Appreciation is the soil on which relationships flourish. It fosters mutual understanding in families, in the workplace, in society.
Relationships aren’t always easy. It is a rare thing another meets our preferences and needs completely. We differ in the ways we communicate, view each other, the world, and culture. We live according to different values and aspire for different goals. There is a lot which makes us different. Appreciation shows that we have even more in common.
Others are hard to calculate and their behavior is often unpredictable. This tends to unsettle us. We much prefer reliability and control. We prefer rules and expectations above the unknown and ever new. In the reactivity towards the unknown is an immense potential for misunderstandings and conflict.
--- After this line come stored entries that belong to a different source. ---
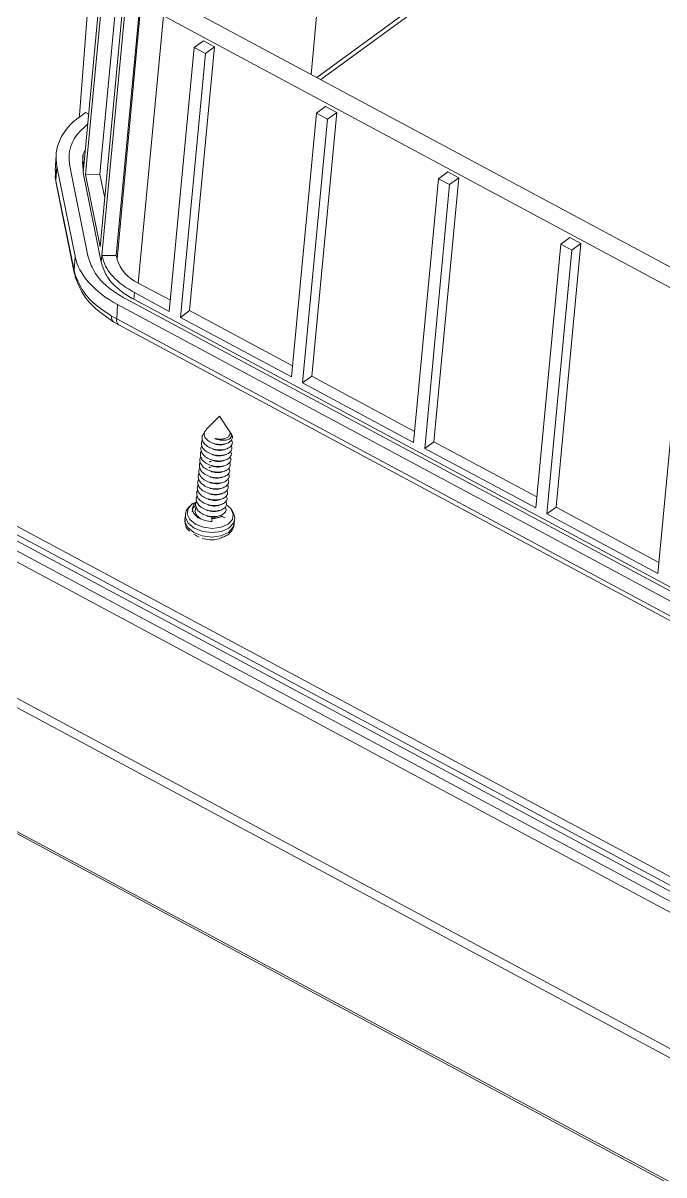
# Model space of a CAD drawing. Header units: inches. Extents: x 1153 to 4131, y 573 to 1071.
# Drawn here: x 1205.6 to 1237.5, y 632.6 to 689.7 of the extents above; entities that cross this region are included whole.
import ezdxf

# ---------------------------------------------------------------- set-up
doc = ezdxf.new("R2010")
doc.units = ezdxf.units.IN

# ---------------------------------------------------------------- blocks, each defined once
blk = doc.blocks.new('FGFG')
at = {"color": 7, "linetype": 'Continuous', "lineweight": 15}
for p, q in [((336.276, 965.142), (337.735, 984.243)), ((336.582, 961.554), (338.349, 980.242)), ((338.474, 979.627), (336.706, 960.939)), ((339.496, 979.645), (337.728, 960.957)), ((352.712, 968.032), (353.496, 976.723)), ((337.744, 955.807), (339.511, 974.496)), ((339.635, 973.881), (337.868, 955.193)), ((338.891, 955.211), (340.659, 973.899)), ((340.731, 973.891), (338.941, 954.966)), ((453.841, 913.826), (343.402, 973.022)), ((342.241, 972.173), (340.451, 953.248)), ((342.241, 972.173), (452.68, 912.976)), ((345.069, 970.408), (344.418, 969.933)), ((345.069, 970.408), (345.856, 969.986)), ((342.651, 951.245), (344.418, 969.933)), ((345.856, 969.986), (344.089, 951.298)), ((344.418, 969.933), (345.206, 969.511)), ((345.206, 969.511), (345.856, 969.986)), ((345.206, 969.511), (343.438, 950.822)), ((353.732, 965.765), (353.081, 965.289)), ((353.732, 965.765), (354.519, 965.343)), ((336.293, 965.038), (336.7, 965.336)), ((336.7, 965.336), (336.928, 965.214)), ((351.313, 946.601), (353.081, 965.289)), ((353.868, 964.867), (352.101, 946.179)), ((354.519, 965.343), (352.752, 946.655)), ((353.081, 965.289), (353.868, 964.867)), ((354.519, 965.343), (353.868, 964.867)), ((334.622, 962.323), (334.552, 961.223)), ((336.55, 962.296), (336.494, 961.704)), ((334.613, 960.497), (334.678, 961.519)), ((334.678, 961.519), (335.963, 955.159)), ((336.878, 955.175), (335.593, 961.536)), ((336.537, 961.08), (336.509, 961.763)), ((336.537, 961.08), (336.582, 961.554)), ((334.566, 960.797), (334.613, 960.497)), ((334.57, 961.242), (334.575, 960.846)), ((337.823, 954.72), (336.537, 961.08)), ((337.728, 960.957), (336.706, 960.939)), ((336.706, 960.939), (337.744, 955.807)), ((337.728, 960.957), (338.07, 959.264)), ((359.976, 941.958), (361.743, 960.646)), ((363.182, 960.7), (361.414, 942.012)), ((362.394, 961.122), (361.743, 960.646)), ((361.743, 960.646), (362.531, 960.224)), ((362.394, 961.122), (363.182, 960.7)), ((363.182, 960.7), (362.531, 960.224)), ((335.898, 954.136), (334.613, 960.497)), ((334.623, 960.336), (335.909, 953.976)), ((362.531, 960.224), (360.764, 941.536)), ((368.639, 937.315), (370.406, 956.003)), ((371.844, 956.057), (370.077, 937.368)), ((371.057, 956.479), (370.406, 956.003)), ((370.406, 956.003), (371.194, 955.581)), ((371.057, 956.479), (371.844, 956.057)), ((371.844, 956.057), (371.194, 955.581)), ((335.963, 955.159), (335.898, 954.136)), ((337.868, 955.193), (337.823, 954.72)), ((337.868, 955.193), (338.891, 955.211)), ((338.941, 954.966), (338.891, 955.211)), ((371.194, 955.581), (369.426, 936.893)), ((335.975, 953.83), (335.898, 954.136)), ((336.039, 953.525), (336.042, 953.513)), ((340.171, 952.573), (340.127, 952.1)), ((340.171, 952.573), (342.651, 951.245)), ((340.451, 953.248), (342.725, 952.029)), ((338.985, 951.723), (338.92, 950.705)), ((448.71, 892.909), (338.985, 951.723)), ((449.258, 893.327), (339.56, 952.126)), ((449.825, 893.301), (340.127, 952.1)), ((338.558, 950.906), (338.92, 950.705)), ((344.089, 951.298), (343.438, 950.822)), ((343.438, 950.822), (351.313, 946.601)), ((344.089, 951.298), (351.388, 947.386)), ((377.301, 932.671), (379.069, 951.36)), ((338.686, 950.497), (339.029, 950.306)), ((448.61, 891.91), (338.92, 950.705)), ((339.06, 950.285), (448.75, 891.49)), ((418.657, 888.867), (308.902, 947.697)), ((309.391, 948.055), (419.146, 889.225)), ((418.055, 888.059), (308.298, 946.89)), ((418.619, 888.473), (308.864, 947.303)), ((307.958, 946.292), (417.713, 887.462)), ((352.752, 946.655), (352.101, 946.179)), ((352.101, 946.179), (359.976, 941.958)), ((352.752, 946.655), (360.05, 942.743)), ((346.208, 943.826), (345.268, 942.871)), ((346.901, 942.788), (346.208, 943.826)), ((347.048, 942.568), (347.019, 942.612)), ((361.414, 942.012), (360.764, 941.536)), ((361.414, 942.012), (368.713, 938.099)), ((360.764, 941.536), (368.639, 937.315)), ((306.788, 937.27), (416.543, 878.44)), ((370.077, 937.368), (369.426, 936.893)), ((370.077, 937.368), (377.376, 933.456)), ((306.728, 936.64), (416.483, 877.81)), ((343.787, 936.815), (343.757, 936.499)), ((345.356, 936.732), (345.655, 936.672)), ((345.699, 936.702), (345.655, 936.672)), ((345.655, 936.672), (345.661, 936.357)), ((347.241, 936.17), (347.271, 936.485)), ((347.271, 936.485), (347.269, 936.462)), ((369.426, 936.893), (377.301, 932.671)), ((415.994, 869.286), (306.239, 928.116)), ((306.303, 927.922), (416.078, 869.082))]:
    blk.add_line(p, q, dxfattribs=at)
at = {"color": 8, "linetype": 'Continuous', "lineweight": 15}
for p, q in [((353.122, 967.812), (373.488, 982.701)), ((373.765, 982.553), (353.399, 967.664)), ((334.566, 960.797), (334.65, 961.281))]:
    blk.add_line(p, q, dxfattribs=at)
at = {"color": 7, "linetype": 'Continuous', "lineweight": 15, "flags": 128}
for points in [[(336.276, 965.142), (336.277, 965.061), (336.282, 965.029)], [(334.577, 960.634), (334.598, 960.555), (334.614, 960.513)], [(334.613, 960.497), (334.617, 960.377), (334.623, 960.336)], [(335.909, 953.976), (335.93, 953.9), (335.956, 953.834)], [(338.686, 950.497), (338.711, 950.479), (338.721, 950.473)], [(339.06, 950.285), (339.049, 950.292), (339.029, 950.306)], [(344.503, 936.17), (344.098, 936.5), (343.913, 936.888), (343.979, 937.276), (344.283, 937.605), (344.578, 937.758)], [(344.554, 937.713), (344.397, 937.565), (344.277, 937.248), (344.382, 936.916), (344.694, 936.626), (345.159, 936.428)], [(346.671, 937.56), (347.005, 937.274), (347.189, 936.885), (347.124, 936.497), (346.82, 936.168), (346.322, 935.949), (345.707, 935.872), (345.068, 935.95), (344.503, 936.17)], [(343.757, 936.499), (343.762, 936.336), (343.957, 935.924), (344.387, 935.575), (344.987, 935.341), (345.664, 935.258), (346.316, 935.34), (346.844, 935.573), (347.167, 935.921), (347.241, 936.17)]]:
    blk.add_lwpolyline(points, dxfattribs=at)
at = {"color": 8, "linetype": 'Continuous', "lineweight": 15, "flags": 128}
for points in [[(334.566, 960.797), (334.57, 960.675), (334.577, 960.634)], [(335.898, 954.136), (335.902, 954.017), (335.909, 953.976)], [(347.269, 936.462), (347.197, 936.237), (346.874, 935.888), (346.346, 935.655), (345.694, 935.574), (345.017, 935.656), (344.417, 935.89), (343.987, 936.24), (343.792, 936.651), (343.787, 936.812)]]:
    blk.add_lwpolyline(points, dxfattribs=at)
at = {"color": 7, "linetype": 'Continuous', "lineweight": 15}
for centre, radius, start, end in [((341.563, 955.749), 2.737, 196.62161, 246.03365), ((336.551, 953.787), 0.578, 175.72272, 208.19244), ((345.701, 938.469), 2.112, 255.11113, 269.96493), ((345.728, 938.054), 1.481, 268.8125, 296.25078)]:
    blk.add_arc(centre, radius, start, end, dxfattribs=at)
at = {"color": 8, "linetype": 'Continuous', "lineweight": 15}
for centre, radius, start, end in [((339.012, 950.823), 0.461, 169.6727, 225.05791), ((339.372, 950.614), 0.462, 168.6247, 221.95524)]:
    blk.add_arc(centre, radius, start, end, dxfattribs=at)
at = {"color": 7, "linetype": 'Continuous', "lineweight": 15}
for centre, start_param, end_param in [((342.596, 961.662), 2.53884, 3.324086), ((343.881, 955.301), 3.324086, 4.109332)]:
    blk.add_ellipse(centre, major_axis=(7.967, -0.753), ratio=0.610281, start_param=start_param, end_param=end_param, dxfattribs=at)
for points, knots in [([(335.593, 961.536), (335.563, 961.825), (335.484, 962.602), (335.899, 963.653), (336.597, 964.266), (336.86, 964.497)], [0, 0, 0, 0, 0.269392, 0.724828, 1, 1, 1, 1]), ([(336.69, 962.696), (336.65, 962.625), (336.45, 962.269), (336.524, 961.872), (336.582, 961.554)], [0, 0, 0, 0, 0.19899, 1, 1, 1, 1]), ([(339.56, 952.126), (339.208, 952.337), (338.26, 952.905), (337.27, 953.966), (336.995, 954.814), (336.878, 955.175)], [0, 0, 0, 0, 0.2536, 0.682385, 1, 1, 1, 1]), ([(337.868, 955.193), (337.942, 954.945), (338.143, 954.279), (338.915, 953.345), (339.796, 952.804), (340.171, 952.573)], [0, 0, 0, 0, 0.253642, 0.682368, 1, 1, 1, 1]), ([(340.127, 952.1), (339.824, 952.282), (339.01, 952.769), (338.16, 953.681), (337.924, 954.41), (337.823, 954.72)], [0, 0, 0, 0, 0.253641, 0.682416, 1, 1, 1, 1]), ([(338.558, 950.906), (337.941, 951.325), (336.699, 952.169), (336.217, 953.274), (335.975, 953.83)], [0, 0, 0, 0, 0.496721, 1, 1, 1, 1]), ([(335.998, 953.618), (336.224, 953.078), (336.733, 951.857), (338.009, 950.969), (338.721, 950.473)], [0, 0, 0, 0, 0.442488, 1, 1, 1, 1]), ([(347.038, 942.561), (347.057, 942.539), (347.129, 942.453), (347.138, 942.287), (347.057, 942.092), (346.857, 941.932), (346.573, 941.835), (346.238, 941.805), (345.891, 941.847), (345.573, 941.961), (345.319, 942.129), (345.155, 942.334), (345.107, 942.553), (345.148, 942.739), (345.242, 942.83), (345.277, 942.863)], [0, 0, 0, 0, 0.030016, 0.117337, 0.204658, 0.292026, 0.377041, 0.461781, 0.546562, 0.629185, 0.711346, 0.793539, 0.87377, 0.953348, 1, 1, 1, 1]), ([(346.898, 942.786), (346.925, 942.735), (346.981, 942.629), (346.943, 942.467), (346.816, 942.324), (346.607, 942.226), (346.346, 942.183), (346.092, 942.193), (345.941, 942.233), (345.881, 942.249)], [0, 0, 0, 0, 0.144043, 0.298314, 0.452639, 0.604322, 0.753052, 0.901834, 1, 1, 1, 1]), ([(345.881, 942.249), (345.898, 942.241), (345.937, 942.222), (346.062, 942.17), (346.27, 942.119), (346.547, 942.102), (346.797, 942.142), (346.98, 942.244), (347.081, 942.383), (347.069, 942.538), (347.008, 942.658), (346.933, 942.704), (346.931, 942.706)], [0, 0, 0, 0, 0.025185, 0.055218, 0.174572, 0.297359, 0.430978, 0.56457, 0.698857, 0.846659, 0.994658, 1, 1, 1, 1]), ([(345.01, 942.119), (345.002, 942.109), (344.922, 942.019), (344.919, 941.803), (345.03, 941.519), (345.305, 941.273), (345.682, 941.097), (346.112, 941.021), (346.526, 941.049), (346.86, 941.171), (347.057, 941.37), (347.113, 941.566), (347.04, 941.68), (347.017, 941.716)], [0, 0, 0, 0, 0.012972, 0.118105, 0.223238, 0.325078, 0.431136, 0.534466, 0.637796, 0.743855, 0.845695, 0.950829, 1, 1, 1, 1]), ([(345.144, 942.628), (345.098, 942.581), (344.976, 942.457), (344.951, 942.199), (345.069, 941.913), (345.342, 941.667), (345.72, 941.492), (346.15, 941.416), (346.563, 941.443), (346.897, 941.565), (347.095, 941.764), (347.15, 941.965), (347.074, 942.082), (347.048, 942.122)], [0, 0, 0, 0, 0.059212, 0.158863, 0.258513, 0.355042, 0.45557, 0.553511, 0.651453, 0.75198, 0.848509, 0.948161, 1, 1, 1, 1]), ([(345.81, 941.881), (345.813, 941.879), (345.828, 941.869), (345.842, 941.86), (345.852, 941.853)], [0, 0, 0, 0, 0.254525, 1, 1, 1, 1]), ([(345.841, 941.857), (345.939, 941.833), (346.14, 941.784), (346.379, 941.787), (346.475, 941.823), (346.493, 941.83)], [0, 0, 0, 0, 0.439999, 0.896625, 1, 1, 1, 1]), ([(346.516, 941.828), (346.539, 941.835), (346.574, 941.845), (346.604, 941.854), (346.614, 941.857)], [0, 0, 0, 0, 0.651928, 1, 1, 1, 1]), ([(344.936, 941.331), (344.927, 941.321), (344.847, 941.231), (344.844, 941.014), (344.956, 940.73), (345.231, 940.484), (345.608, 940.309), (346.038, 940.233), (346.451, 940.261), (346.785, 940.382), (346.982, 940.581), (347.039, 940.778), (346.966, 940.891), (346.943, 940.927)], [0, 0, 0, 0, 0.012971, 0.118105, 0.223238, 0.325078, 0.431136, 0.534466, 0.637796, 0.743855, 0.845695, 0.950829, 1, 1, 1, 1]), ([(344.973, 941.725), (344.964, 941.715), (344.885, 941.625), (344.882, 941.408), (344.993, 941.125), (345.268, 940.878), (345.645, 940.703), (346.075, 940.627), (346.488, 940.655), (346.823, 940.776), (347.02, 940.976), (347.076, 941.172), (347.003, 941.285), (346.98, 941.322)], [0, 0, 0, 0, 0.012972, 0.118105, 0.223238, 0.325078, 0.431136, 0.534466, 0.637796, 0.743855, 0.845695, 0.950829, 1, 1, 1, 1]), ([(345.714, 941.107), (345.725, 941.1), (345.746, 941.085), (345.767, 941.071), (345.777, 941.064)], [0, 0, 0, 0, 0.500025, 1, 1, 1, 1]), ([(345.751, 941.502), (345.762, 941.494), (345.784, 941.48), (345.804, 941.465), (345.814, 941.458)], [0, 0, 0, 0, 0.500039, 1, 1, 1, 1]), ([(345.766, 941.069), (345.865, 941.045), (346.066, 940.996), (346.305, 940.999), (346.401, 941.034), (346.419, 941.041)], [0, 0, 0, 0, 0.439999, 0.896625, 1, 1, 1, 1]), ([(345.804, 941.463), (345.902, 941.439), (346.103, 941.39), (346.342, 941.393), (346.438, 941.429), (346.456, 941.435)], [0, 0, 0, 0, 0.439997, 0.896625, 1, 1, 1, 1]), ([(346.442, 941.039), (346.464, 941.046), (346.509, 941.059), (346.548, 941.071), (346.568, 941.077)], [0, 0, 0, 0, 0.499428, 1, 1, 1, 1]), ([(346.479, 941.434), (346.502, 941.44), (346.547, 941.454), (346.586, 941.466), (346.605, 941.471)], [0, 0, 0, 0, 0.499455, 1, 1, 1, 1]), ([(344.861, 940.542), (344.852, 940.532), (344.773, 940.442), (344.77, 940.226), (344.881, 939.942), (345.156, 939.696), (345.533, 939.52), (345.963, 939.444), (346.376, 939.472), (346.711, 939.593), (346.908, 939.793), (346.964, 939.989), (346.891, 940.103), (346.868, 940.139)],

The mind has the tendency to focus towards the difficult, the negative, the problematic. It needs an active balancing to this limiting of our field of vision: appreciation.
To meet others from a perspective of basic appreciation means to open up closed categories. It takes a willingness to perceive more of the other than the small range we usually tend to. Mindfulness supports spotting habitual ways of looking and allows for a broader view.
The capacity to see a human being in its diversity has the potential to open up our hearts. Appreciation arises whenever we are ready to perceive the goodness, the bravery, the patience, the empathy, the respect, and the many other beautiful potentials humans put into action. Can we acknowledge them even when we do not benefit?
Appreciation arises when empathy allows us to inquire into the motivations and intentions of another. What we discover then are the same wishes for security, happiness and peace of mind, which drive our own actions. Just like ourselves, others aspire for the absence of sorrow and suffering.
Can we acknowledge this common denominator? Like ourselves, others consist of a broad accumulation of habits and patterns. How could we limit anyone to a fixed personality and state who the other is at any given moment in time?
Some actions are definitely harmful. Some actions definitely contribute to suffering. Can we state these without turning them into a judgement of worthiness? Basic appreciation allows to integrate an unskillful action in a much broader picture of a being.
Basic appreciation also allows us to meet ourselves with gentle eyes. Can we measure ourselves according to our attentions rather than to our results? Can we acknowledge that it is quite a challenge to meet unhelpful patterns, some of them deeply ingrained in the being, again and again? Compassion for others allows for more compassion for ourselves. And the way, too.
Appreciation nourishes any relationship. It contributes to understanding and community. With strangers. With those who differ in views and opinions. With friends and family. With ourselves.